В степи народ попадается редко, как и жилье, однако, попадается. Фигуры встречных так характерны, так еще незнакомы мне. Все не то, к чему привык. Скоро, конечно, и к ним привыкнешь, и не будешь замечать их, как не замечаешь часто русского мужика, русского обоза, русской деревушки. Но теперь еще любопытство настороже, оглядывается и всматривается в каждую подробность. Мне кажется, только первые минуты знакомства с предметом передают нам его характер во всей его правде. Незнакомое инстинктивно бьет в глаза всеми своими особенностями, поэтому-то говорят, что свежий человек, посторонний человек, вернее видит и судит. К предметам привыкаешь, как к воздуху. Больные перестают ощущать тяжелую атмосферу госпиталя, и горец постигает целебность своего горного воздуха только тогда, когда попадет в заточенье. Русский мужик не чухает в своей избе ни телят, ни гари, ни овчины. Человек такое неблагодарное и беспамятное животное! Живет себе десятки лет в скучной и скудной глуши, попадет вдруг в сады Италии, на голубые южные моря, и уже через два-три месяца отвертывает нос, словно век свой не выходил из этого рая, словно всю жизнь свою ел не огурцы и капусту, а миндаль да апельсины. Конечно, в забвении большое счастье; "холодный ключ забвенья, он лучше всех жар сердца утолит", — сказал наш поэт. Но, с другой стороны, в этом медицински полезном качестве сказывается такая бедность человеческой природы, что оно возмущает душу.

Замечали ли вы, что в России нет всадников? Я это заметил только в Крыму. В России вы встретите верхового, как редкость, как особенный случай: эстафета, этапный казак, конюх при табуне — вот русские верховые; именно верховые, ибо, действительно, верхом сидят, но вовсе уж не всадники. Это что-то неуклюжее и неумелое, случайно очутившееся на лошадином хребте, во всей неопрятности пешей обстановки. Спит или бежит всадник — сразу не разберешь. Ноги, обутые в лапти, болтаются, как цепа, локти прыгают, борода пышно трясется, сам спалзывает то на шею, то на хвост; и лошадь-то его также мало похожа на верховую: без седла, без стремян, без всякой походки и убора.

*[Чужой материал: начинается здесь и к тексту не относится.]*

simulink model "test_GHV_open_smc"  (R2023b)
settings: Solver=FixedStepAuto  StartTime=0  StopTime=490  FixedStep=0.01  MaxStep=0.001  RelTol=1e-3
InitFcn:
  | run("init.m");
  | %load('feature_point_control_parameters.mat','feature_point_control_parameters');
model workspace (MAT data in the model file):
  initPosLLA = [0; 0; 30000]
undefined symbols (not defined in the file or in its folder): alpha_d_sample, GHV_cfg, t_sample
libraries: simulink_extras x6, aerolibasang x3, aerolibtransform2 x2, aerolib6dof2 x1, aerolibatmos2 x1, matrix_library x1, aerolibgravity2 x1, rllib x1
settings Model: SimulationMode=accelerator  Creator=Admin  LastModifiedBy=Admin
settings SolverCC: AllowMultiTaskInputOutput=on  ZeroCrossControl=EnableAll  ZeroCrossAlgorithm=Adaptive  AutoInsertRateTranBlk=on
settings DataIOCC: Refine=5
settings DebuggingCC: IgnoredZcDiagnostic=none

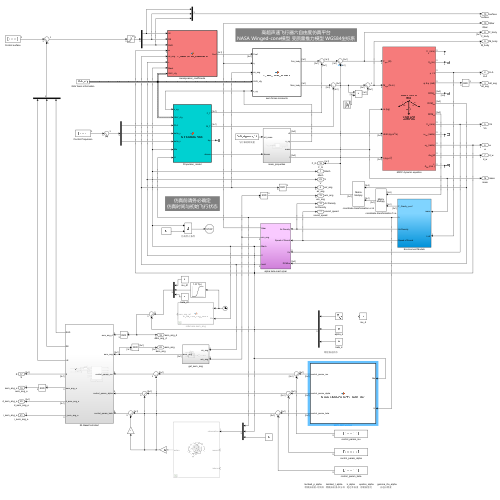
[thumbnail: Simulink's stored preview of the top-level diagram]
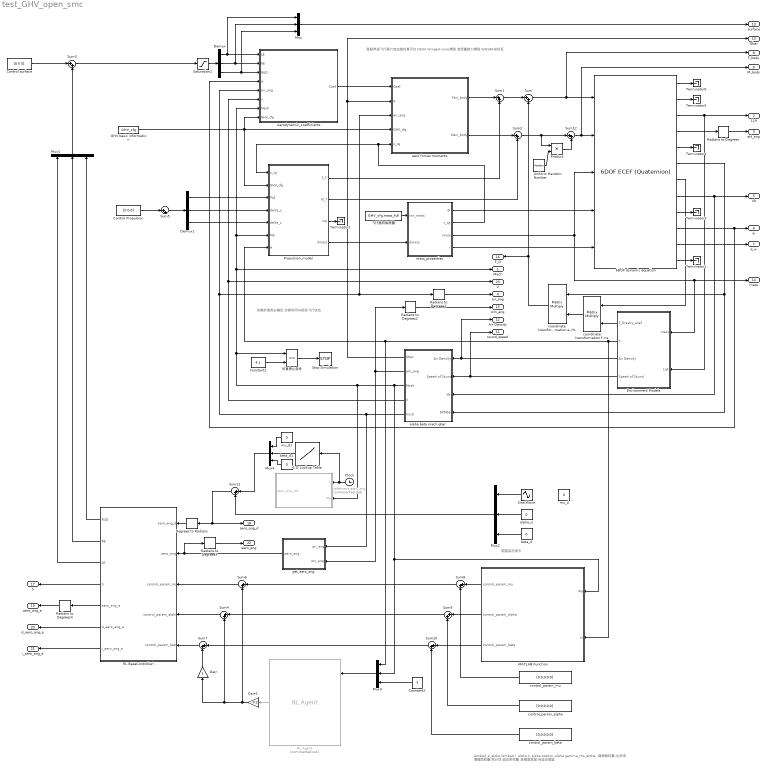
== system test_GHV_open_smc ==
  note: lambad_p_alpha       lambad_I_alpha       k_alpha       epsilon_alpha      gamma_rho_alpha
      | 增模面权重-比例项   增模面权重-积分项   趋近率权重   滑模面宽度             自适应增蓝
  note: 高超声速飞行器六自由度仿真平台
      | NASA Winged-cone模型 变质量推力模型 WGS84坐标系
  note: 仿真前请务必确定
      | 仿真时间与初始飞行状态
  note: 期望姿态指令
  1-D Lookup Table : Lookup_n-D  NumberOfTableDimensions=1  BreakpointsForDimension1=t_sample  Table=alpha_d_sample  InternalRulePriority=Speed  RndMeth=Simplest
  6DOF dynamic equation : aerolib6dof2/6DOF ECEF (Quaternion)  units=Metric (MKS)  mtype=Custom Variable  xg_0=LLA_init  Vm_0=Speed_init  eul_0=Euler_init  pm_0=Omega_init  mass_0=1.0  mass_e=0.5  mass_f=2.0  inertia=eye(3)  inertia_e=eye(3)  inertia_f=2*eye(3)  vre_flag=off  abi_flag=off  ptype=Custom  R=6378137  F=1/298.257223563  w_E=0  angle_in=Internal  LPM0=0  quat_statename=''  pm_statename=''  Vm_statename=''  posfixedframe_statename=''  posinertial_statename=''  LPM_statename=''  mass_statename=''
      settings: LibrarySourceBlock=|
      | aerolib6dof2/Custom Variable Mass 6DOF
      | ECEF (Quaternion)
  Aerodynamic_coefficients : MATLAB Function  TreatAsAtomicUnit=on
  Clock : Clock
  Constant1 : Constant  Value=4.1
  Constant2 : Constant  Value=5
  Control Propulsion : Constant  Value=[0 0 0]
  Control surface : Constant  Value=[0 0 0]
  Degrees to Radians : simulink_extras/Transformations/Degrees to Radians
  Demux : Demux  Outputs=3
  Demux1 : Demux  Outputs=3
  Environment Models : Subsystem
  GHV basic information : Constant  Value=GHV_cfg  VectorParams1D=off  OutDataTypeStr=Bus: slBus1
  Gain : Gain
  Gain1 : Gain  Gain=-0.2
  MATLAB Function : MATLAB Function  TreatAsAtomicUnit=on
  Mux{,1..4} (5 alike) : Mux  Inputs=3
  Product : Product
  Propulsion_model : MATLAB Function  TreatAsAtomicUnit=on
  RL Agent : rllib/RL Agent  Commented=on  Agent=agent_smc_RL_Trained_1  ExternalActionAsInput=off  ProvideLastAction=off  ProvideCumRwd=off  TreatAsDirectFeedthrough=on  UseStrictObservationDataTypes=off
  RL BaseControllerl : Subsystem
  Radians to Degrees{,1..4} (5 alike) : simulink_extras/Transformations/Radians to Degrees
  Saturation1 : Saturate  UpperLimit=30  LowerLimit=-30  ZeroCross=off
  Sine Wave : Sin  Amplitude=30  Frequency=0.05  SampleTime=0
  Stop Simulation : Stop
  Sum{,1..12} (13 alike) : Sum  Inputs=|++
  Terminator{1..6} (6 alike) : Terminator
  Uniform Random Number : UniformRandomNumber  Minimum=-0.1  Maximum=0.1  Seed=42  SampleTime=0.01
  aero forces moments : MATLAB Function  TreatAsAtomicUnit=on
  alpha beta mach qbar : Subsystem
  alpha_d : Constant  Value=0
  beta_d : Constant  Value=0
  beta_d1 : Constant  Value=0
  control_param_alpha : Constant  Value=[0;0;0;0;0]
  control_param_beta : Constant  Value=[0;0;0;0;0]
  control_param_mu : Constant  Value=[0;0;0;0;0]
  coordinate transformation e->b : Product  Multiplication=Matrix(*)
  coordinate transformation f->e : Product  Multiplication=Matrix(*)
  get_aero_ang : Subsystem
  mass_properties : Subsystem
  mu_d : Constant  Value=0
  mu_d1 : Constant  Value=0
  refernece aero_ang : MATLAB Function  Commented=on  TreatAsAtomicUnit=on
  仿真停止条件 : RelationalOperator  Operator=<=  OutDataTypeStr=boolean  RndMeth=Simplest  InputSameDT=off
  飞行器初始质量 : Constant  Value=GHV_cfg.mass_full
  Mach : Outport  SignalName=Mach
  LLA : Outport  Port=2  SignalName=LLA
  att_ang : Outport  Port=3  SignalName=att_ang
  air_ang : Outport  Port=4  SignalName=air_ang
  Vb : Outport  Port=5  SignalName=Vb
  w : Outport  Port=6  SignalName=w
  d_w : Outport  Port=7  SignalName=d_w
  F_body : Outport  Port=8  SignalName=F_body
  M_body : Outport  Port=9  SignalName=M_body
  Qbar : Outport  Port=10  SignalName=Qbar
  sound_speed : Outport  Port=11  SignalName=sound_speed
  Air Density : Outport  Port=12  SignalName=Air Density
  surface : Outport  Port=13  SignalName=surface
  mass : Outport  Port=14  SignalName=mass
  win_ang : Outport  Port=15  SignalName=win_ang
  F_G : Outport  Port=16  SignalName=F_G
  S : Outport  Port=17  SignalName=S
  aero_ang_d : Outport  Port=18  SignalName=aero_ang_d
  aero_ang_e : Outport  Port=19  SignalName=aero_ang_e
  d_aero_ang_e : Outport  Port=20  SignalName=d_aero_ang_e
  i_aero_ang_e : Outport  Port=21  SignalName=i_aero_ang_e
  aero_ang : Outport  Port=22  SignalName=aero_ang
  V : Outport  Port=23  SignalName=V
  wires:
  Control surface/1 -> Sum3/1
  coordinate transformation e->b/1 -> Sum/2, F_G/1
  Aerodynamic_coefficients/1(Coef) -> aero forces moments/1(Coef)
  mass_properties/2(x_cg) -> aero forces moments/5(x_cg), Propulsion_model/1(x_cg)
  coordinate transformation f->e/1 -> coordinate transformation e->b/2
  飞行器初始质量/1 -> mass_properties/1(init_mass)
  Radians to Degrees1/1 -> air_ang/1
  Propulsion_model/2(M_T) -> Sum2/2
  6DOF dynamic equation/1 -> Terminator6/1
  6DOF dynamic equation/9 -> Terminator3/1
  mass_properties/3(mass) -> 6DOF dynamic equation/3, Environment Models/1(mass), mass/1
  Radians to Degrees2/1 -> win_ang/1
  Demux/1 -> Aerodynamic_coefficients/1(LE), Mux/1
  6DOF dynamic equation/5 -> Terminator4/1
  Saturation1/1 -> Demux/1
  Demux1/2 -> Propulsion_model/4(delta_y)
  Control Propulsion/1 -> Sum5/1
  Propulsion_model/1(F_T) -> Sum1/2
  Demux/2 -> Aerodynamic_coefficients/2(RE), Mux/2
  alpha beta mach qbar/5(Incid) -> Aerodynamic_coefficients/5(air_ang), aero forces moments/3(air_ang), Radians to Degrees1/1, get_aero_ang/1(air_ang)
  Sum2/1 -> Sum12/1, Product/1
  Propulsion_model/4(dmass) -> mass_properties/2(dmass)
  Sum1/1 -> Sum/1
  Environment Models/3(Air Density) -> Air Density/1, alpha beta mach qbar/1(Air Density)
  Environment Models/2(h) -> Propulsion_model/7(H), Mux3/1, MATLAB Function/2(H)
  alpha beta mach qbar/1(Qbar) -> aero forces moments/2(q), Qbar/1
  aero forces moments/1(Fair_body) -> Sum1/1
  Radians to Degrees/1 -> att_ang/1
  aero forces moments/2(Mair_body) -> Sum2/1
  Demux1/3 -> Propulsion_model/5(delta_z)
  6DOF dynamic equation/10 -> w/1, Aerodynamic_coefficients/4(w)
  Mux/1 -> surface/1
  GHV basic information/1 -> aero forces moments/4(GHV_cfg), Propulsion_model/2(GHV_cfg), Aerodynamic_coefficients/8(GHV_cfg)
  Demux/3 -> Aerodynamic_coefficients/3(RUD), Mux/3
  alpha beta mach qbar/2(win_ang) -> Radians to Degrees2/1, get_aero_ang/2(win_ang)
  Sum3/1 -> Saturation1/1
  Propulsion_model/3(Isp) -> Terminator2/1
  Environment Models/1(F_Gravity_ecef) -> coordinate transformation f->e/2
  6DOF dynamic equation/11 -> d_w/1
  Demux1/1 -> Propulsion_model/3(PLA)
  mass_properties/1(dI) -> 6DOF dynamic equation/4
  6DOF dynamic equation/7 -> coordinate transformation f->e/1
  6DOF dynamic equation/2 -> Terminator5/1
  6DOF dynamic equation/8 -> Vb/1, alpha beta mach qbar/3(Vb)
  alpha beta mach qbar/4(V) -> Aerodynamic_coefficients/6(v), V/1
  Environment Models/4(Speed of Sound) -> sound_speed/1, alpha beta mach qbar/2(Speed of Sound)
  6DOF dynamic equation/12 -> Terminator1/1
  6DOF dynamic equation/4 -> Radians to Degrees/1
  Sum/1 -> 6DOF dynamic equation/1, F_body/1
  mass_properties/4(I) -> 6DOF dynamic equation/5
  Sum5/1 -> Demux1/1
  alpha beta mach qbar/3(Mach) -> Aerodynamic_coefficients/7(Mach), Propulsion_model/6(Ma), Mach/1, 仿真停止条件/1, refernece aero_ang/2(Ma), MATLAB Function/1(Ma), Mux3/2
  Constant1/1 -> 仿真停止条件/2
  仿真停止条件/1 -> Stop Simulation/1
  get_aero_ang/1(aero_ang) -> Radians to Degrees3/1, RL BaseControllerl/2(aero_ang)
  Sum11/1 -> Degrees to Radians/1, aero_ang_d/1
  RL BaseControllerl/1(RUD) -> Mux1/3
  RL BaseControllerl/2(RE) -> Mux1/2
  RL BaseControllerl/3(LE) -> Mux1/1
  RL BaseControllerl/4(S) -> S/1
  Degrees to Radians/1 -> RL BaseControllerl/1(aero_ang_d)
  Mux1/1 -> Sum3/2
  RL BaseControllerl/5(aero_ang_e) -> Radians to Degrees4/1
  RL BaseControllerl/6(d_aero_ang_e) -> d_aero_ang_e/1
  RL BaseControllerl/7(i_aero_ang_e) -> i_aero_ang_e/1
  6DOF dynamic equation/6 -> alpha beta mach qbar/4(DCMbe), coordinate transformation e->b/1
  6DOF dynamic equation/3 -> LLA/1, Environment Models/2(LLA)
  Sum6/1 -> RL BaseControllerl/3(control_param_mu)
  Radians to Degrees3/1 -> aero_ang/1
  Sum4/1 -> RL BaseControllerl/4(control_param_alpha)
  beta_d/1 -> Mux2/3
  alpha_d/1 -> Mux2/2
  Radians to Degrees4/1 -> aero_ang_e/1
  Mux3/1 -> RL Agent/1
  Constant2/1 -> Mux3/3
  Sum9/1 -> Sum4/1
  Sum8/1 -> Sum6/1
  RL Agent/1 -> Gain1/1
  Sum10/1 -> Sum7/1
  Gain/1 -> Sum7/2
  MATLAB Function/1(control_param_mu) -> Sum8/1
  MATLAB Function/2(control_param_alpha) -> Sum9/1
  MATLAB Function/3(control_param_beta) -> Sum10/1
  control_param_mu/1 -> Sum8/2
  control_param_alpha/1 -> Sum9/2
  control_param_beta/1 -> Sum10/2
  Clock/1 -> 1-D Lookup Table/1, refernece aero_ang/1(t)
  Mux2/1 -> Sum11/2
  Sum7/1 -> RL BaseControllerl/5(control_param_bate)
  Sine Wave/1 -> Mux2/1
  Gain1/1 -> Gain/1, Sum4/2, Sum6/2
  1-D Lookup Table/1 -> Mux4/2
  Mux4/1 -> Sum11/1
  mu_d1/1 -> Mux4/1
  beta_d1/1 -> Mux4/3
  Uniform Random Number/1 -> Product/2
  Sum12/1 -> M_body/1, 6DOF dynamic equation/2
  Product/1 -> Sum12/2

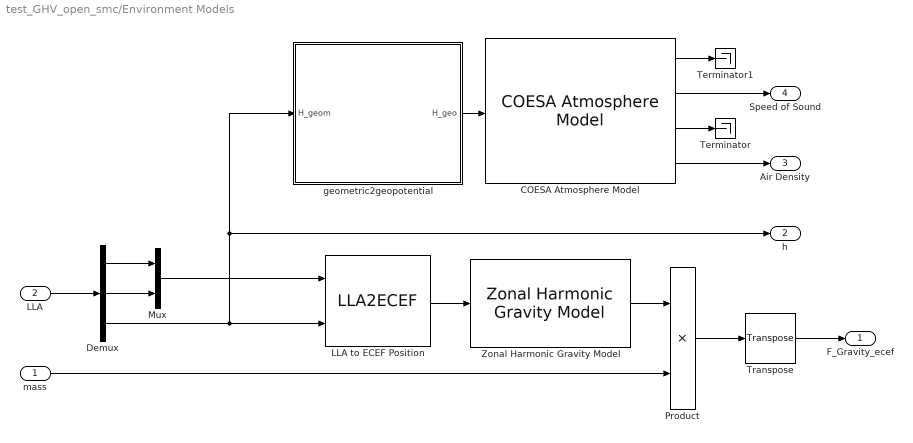
== system test_GHV_open_smc/Environment Models ==
  mass : Inport
  LLA : Inport  Port=2
  COESA Atmosphere Model : aerolibatmos2/COESA Atmosphere Model  units=Metric (MKS)  spec=1976 COESA-extended U.S. Standard Atmosphere  model=Profile  profile_var=High temperature  profile_percent=1%  profile_alt=5 km (16404 ft)  envelope_var=High temperature  envelope_percent=1%  action=Warning
  Demux : Demux  Outputs=3
  LLA to ECEF Position : LLA2ECEF
  Mux : Mux  Inputs=2
  Product : Product
  Terminator : Terminator
  Terminator1 : Terminator
  Transpose : matrix_library/Transpose
  Zonal Harmonic Gravity Model : aerolibgravity2/Zonal Harmonic Gravity Model  units=Metric (MKS)  degree=2  action=Warning  ptype=Earth  R=6378136.3  GM=398600441500000  jvalue=[1.0826269e-03 -2.5323000e-06 -1.6204000e-06]
  geometric2geopotential : MATLAB Function  TreatAsAtomicUnit=on
  F_Gravity_ecef : Outport
  h : Outport  Port=2
  Air Density : Outport  Port=3
  Speed of Sound : Outport  Port=4
  wires:
  COESA Atmosphere Model/1 -> Terminator1/1
  COESA Atmosphere Model/2 -> Speed of Sound/1
  COESA Atmosphere Model/3 -> Terminator/1
  COESA Atmosphere Model/4 -> Air Density/1
  LLA to ECEF Position/1 -> Zonal Harmonic Gravity Model/1
  Mux/1 -> LLA to ECEF Position/1
  Demux/3 -> h/1, geometric2geopotential/1(H_geom), LLA to ECEF Position/2
  Demux/1 -> Mux/1
  Demux/2 -> Mux/2
  LLA/1 -> Demux/1
  mass/1 -> Product/2
  Zonal Harmonic Gravity Model/1 -> Product/1
  Product/1 -> Transpose/1
  Transpose/1 -> F_Gravity_ecef/1
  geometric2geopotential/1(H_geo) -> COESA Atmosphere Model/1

В крымском пейзаже вас сразу поражает появление всадника. Это уже всадник не по имени, а по существу. Вы видите прирожденность человека к верховой езде, видите органическую связь его с лошадью. Только история может воспитать известное качество в такой оконченности. Вы без труда узнаете в этой мирной фигуре потомка того страшного кочевника, который владел когда-то русским земледельцем. И породу лошади, и породу всадника надо выходить веками. Татарин как прирос к седлу и чувствует себя совсем дома: он на нем спокоен, красив и доволен; лошадь его идет под ним так, как она не пойдет ни под кем другим: это специально татарская походь, так называемый аян; аян так спор и легок, что в результате быстрее рыси, между тем, лошадь утомляется значительно меньше. Наряд татар — их круглые шапки, куртки без рукавов, шаровары с кушаками, — больше же всего их строгие, черноглазые и черноусые лица совершенно гармонируют с верховою ездою. Лошади маленькие, горячие, быстрые, исключительно годятся под верх; для перевозки их употребляют мало и по нужде. Они слишком слабы и бойки для долгого равномерного напряжения сил.

Всадник весьма разнообразит пейзаж, особенно степной. Степь должна была создать всадника. Он кажется мне ее нераздельною чертою. В нем необходимая, заметно недостающая ей красота. Степь особенно кажется степью, и Крым — Крымом, когда встречаешь верхом на маленькой кобылке какого-нибудь хаджи в белой чалме, с резкими морщинами на темном лице, зашитого наглухо в ватошную персидскую куртку, и в желтых туфлях на босу ногу. Этот суровый старец, родившийся еще при Гиреях, сидит на седле со всем шиком наездника, и, может быть, без особенного неудовольствия вспоминает о тех временах, когда в татарской руке работала еще шашка.

Я с большим удовольствием всматривался в незнакомый тип лица, сквозь который так понятно говорила незнакомая жизнь. Поразительный контракт со всяким европейцем вообще, еще поразительнее контраст с нашим русским типом. Эти глаза, полные сосредоточенного огня, глядят твердо и серьезно, но без тревоги, без порывов. Это мусульманские глаза, глаза фатализма. В них не светит смелый дух предприимчивости, искания, борьбы. Но вы чувствуете, что этот глаз не сморгнет перед занесенным кинжалом и не задрожит слезою при виде крови. Авраам, бестрепетно закалывавший родного сына, может быть, смотрел этим строгим, непоколебимым взглядом. Дух, озаряющий такие глаза, требует для себя постоянной и ясной цели, во имя которой он должен приносить жертвы. Жертвы ему необходимы; умеренность и теплота ему непонятны, это глаза не только фатализма, но и фанатизма. Продукт горячего юга, он знает одну температуру для воздуха и души: раскаленный зной. Он необходим руке, которая спокойно завязывает мешок над головой любимой женщины, обрекаемой на погибель за один неосторожный шаг. Абрек, умирающий под саблями врагов, в радостной надежде перейти с поля смерти прямо в обители рая, не может смотреть иным глазом. Потребность неумолимой обязанности делает из такого сильного духа дух рабский; это фанатические почитатели закона — надежнейший оплот беззакония.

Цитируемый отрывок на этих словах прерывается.